Saved data entries
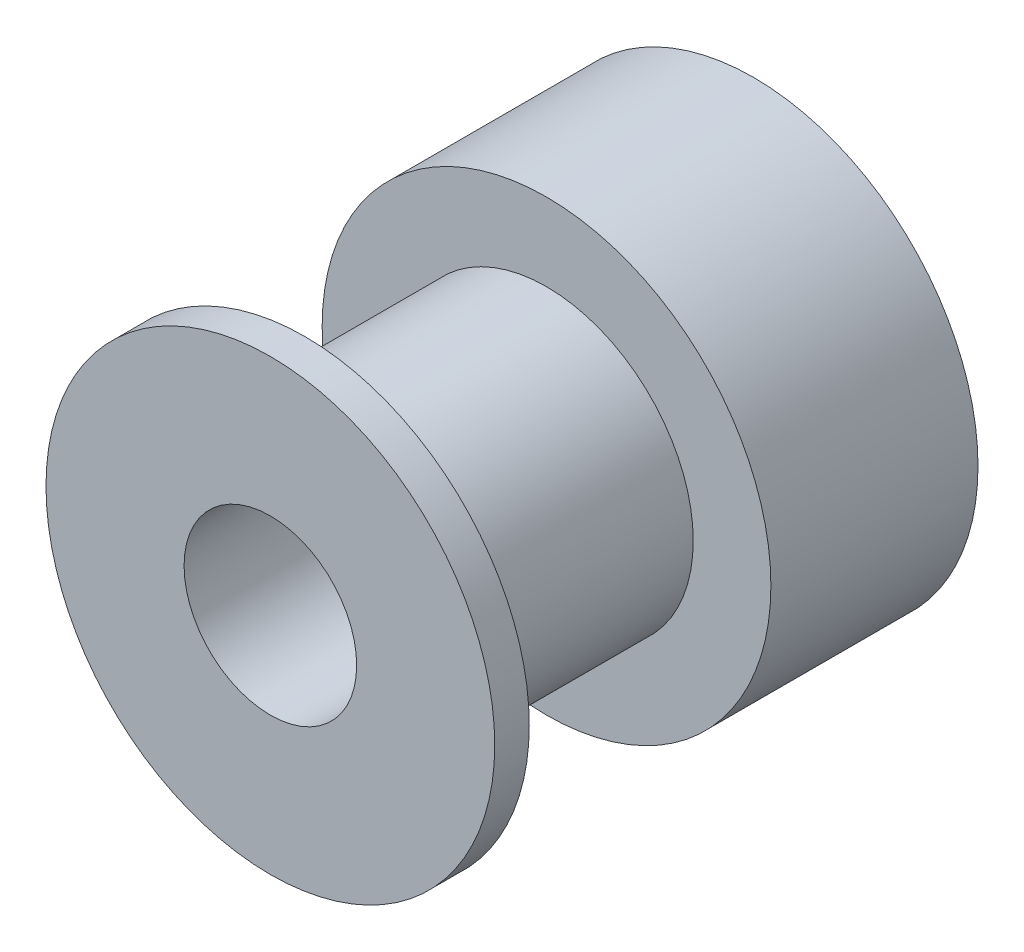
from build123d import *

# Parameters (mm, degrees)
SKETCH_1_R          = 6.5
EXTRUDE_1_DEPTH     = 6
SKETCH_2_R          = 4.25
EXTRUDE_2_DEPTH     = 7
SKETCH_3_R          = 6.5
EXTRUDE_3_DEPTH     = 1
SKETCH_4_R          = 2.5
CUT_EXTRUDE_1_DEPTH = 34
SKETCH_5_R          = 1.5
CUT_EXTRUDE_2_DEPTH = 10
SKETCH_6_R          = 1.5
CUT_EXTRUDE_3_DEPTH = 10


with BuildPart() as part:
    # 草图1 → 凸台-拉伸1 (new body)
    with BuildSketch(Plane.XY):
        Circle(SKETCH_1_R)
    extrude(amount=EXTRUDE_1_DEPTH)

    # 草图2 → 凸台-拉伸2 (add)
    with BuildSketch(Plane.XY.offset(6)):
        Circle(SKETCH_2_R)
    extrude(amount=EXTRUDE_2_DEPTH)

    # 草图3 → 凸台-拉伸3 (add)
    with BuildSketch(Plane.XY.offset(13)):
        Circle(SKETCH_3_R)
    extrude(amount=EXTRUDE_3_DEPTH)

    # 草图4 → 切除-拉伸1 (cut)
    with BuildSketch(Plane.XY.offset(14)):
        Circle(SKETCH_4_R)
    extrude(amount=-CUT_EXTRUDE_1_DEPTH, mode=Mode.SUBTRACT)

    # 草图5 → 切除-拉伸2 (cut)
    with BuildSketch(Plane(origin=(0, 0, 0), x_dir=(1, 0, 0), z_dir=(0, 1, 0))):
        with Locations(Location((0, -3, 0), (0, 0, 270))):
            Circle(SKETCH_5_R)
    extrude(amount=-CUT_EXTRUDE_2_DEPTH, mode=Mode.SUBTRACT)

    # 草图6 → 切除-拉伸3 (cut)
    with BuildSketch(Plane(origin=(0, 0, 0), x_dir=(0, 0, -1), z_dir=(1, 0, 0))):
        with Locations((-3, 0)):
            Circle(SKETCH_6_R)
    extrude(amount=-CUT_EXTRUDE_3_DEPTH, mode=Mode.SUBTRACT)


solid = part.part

- About this task: Reproduce all lines above exactly. Leave the images out.

- Result of this exercise:
from build123d import *

# Parameters (mm, degrees)
SKETCH_1_R          = 6.5
EXTRUDE_1_DEPTH     = 6
SKETCH_2_R          = 4.25
EXTRUDE_2_DEPTH     = 7
SKETCH_3_R          = 6.5
EXTRUDE_3_DEPTH     = 1
SKETCH_4_R          = 2.5
CUT_EXTRUDE_1_DEPTH = 34
SKETCH_5_R          = 1.5
CUT_EXTRUDE_2_DEPTH = 10
SKETCH_6_R          = 1.5
CUT_EXTRUDE_3_DEPTH = 10


with BuildPart() as part:
    # 草图1 → 凸台-拉伸1 (new body)
    with BuildSketch(Plane.XY):
        Circle(SKETCH_1_R)
    extrude(amount=EXTRUDE_1_DEPTH)

    # 草图2 → 凸台-拉伸2 (add)
    with BuildSketch(Plane.XY.offset(6)):
        Circle(SKETCH_2_R)
    extrude(amount=EXTRUDE_2_DEPTH)

    # 草图3 → 凸台-拉伸3 (add)
    with BuildSketch(Plane.XY.offset(13)):
        Circle(SKETCH_3_R)
    extrude(amount=EXTRUDE_3_DEPTH)

    # 草图4 → 切除-拉伸1 (cut)
    with BuildSketch(Plane.XY.offset(14)):
        Circle(SKETCH_4_R)
    extrude(amount=-CUT_EXTRUDE_1_DEPTH, mode=Mode.SUBTRACT)

    # 草图5 → 切除-拉伸2 (cut)
    with BuildSketch(Plane(origin=(0, 0, 0), x_dir=(1, 0, 0), z_dir=(0, 1, 0))):
        with Locations(Location((0, -3, 0), (0, 0, 270))):
            Circle(SKETCH_5_R)
    extrude(amount=-CUT_EXTRUDE_2_DEPTH, mode=Mode.SUBTRACT)

    # 草图6 → 切除-拉伸3 (cut)
    with BuildSketch(Plane(origin=(0, 0, 0), x_dir=(0, 0, -1), z_dir=(1, 0, 0))):
        with Locations((-3, 0)):
            Circle(SKETCH_6_R)
    extrude(amount=-CUT_EXTRUDE_3_DEPTH, mode=Mode.SUBTRACT)


solid = part.part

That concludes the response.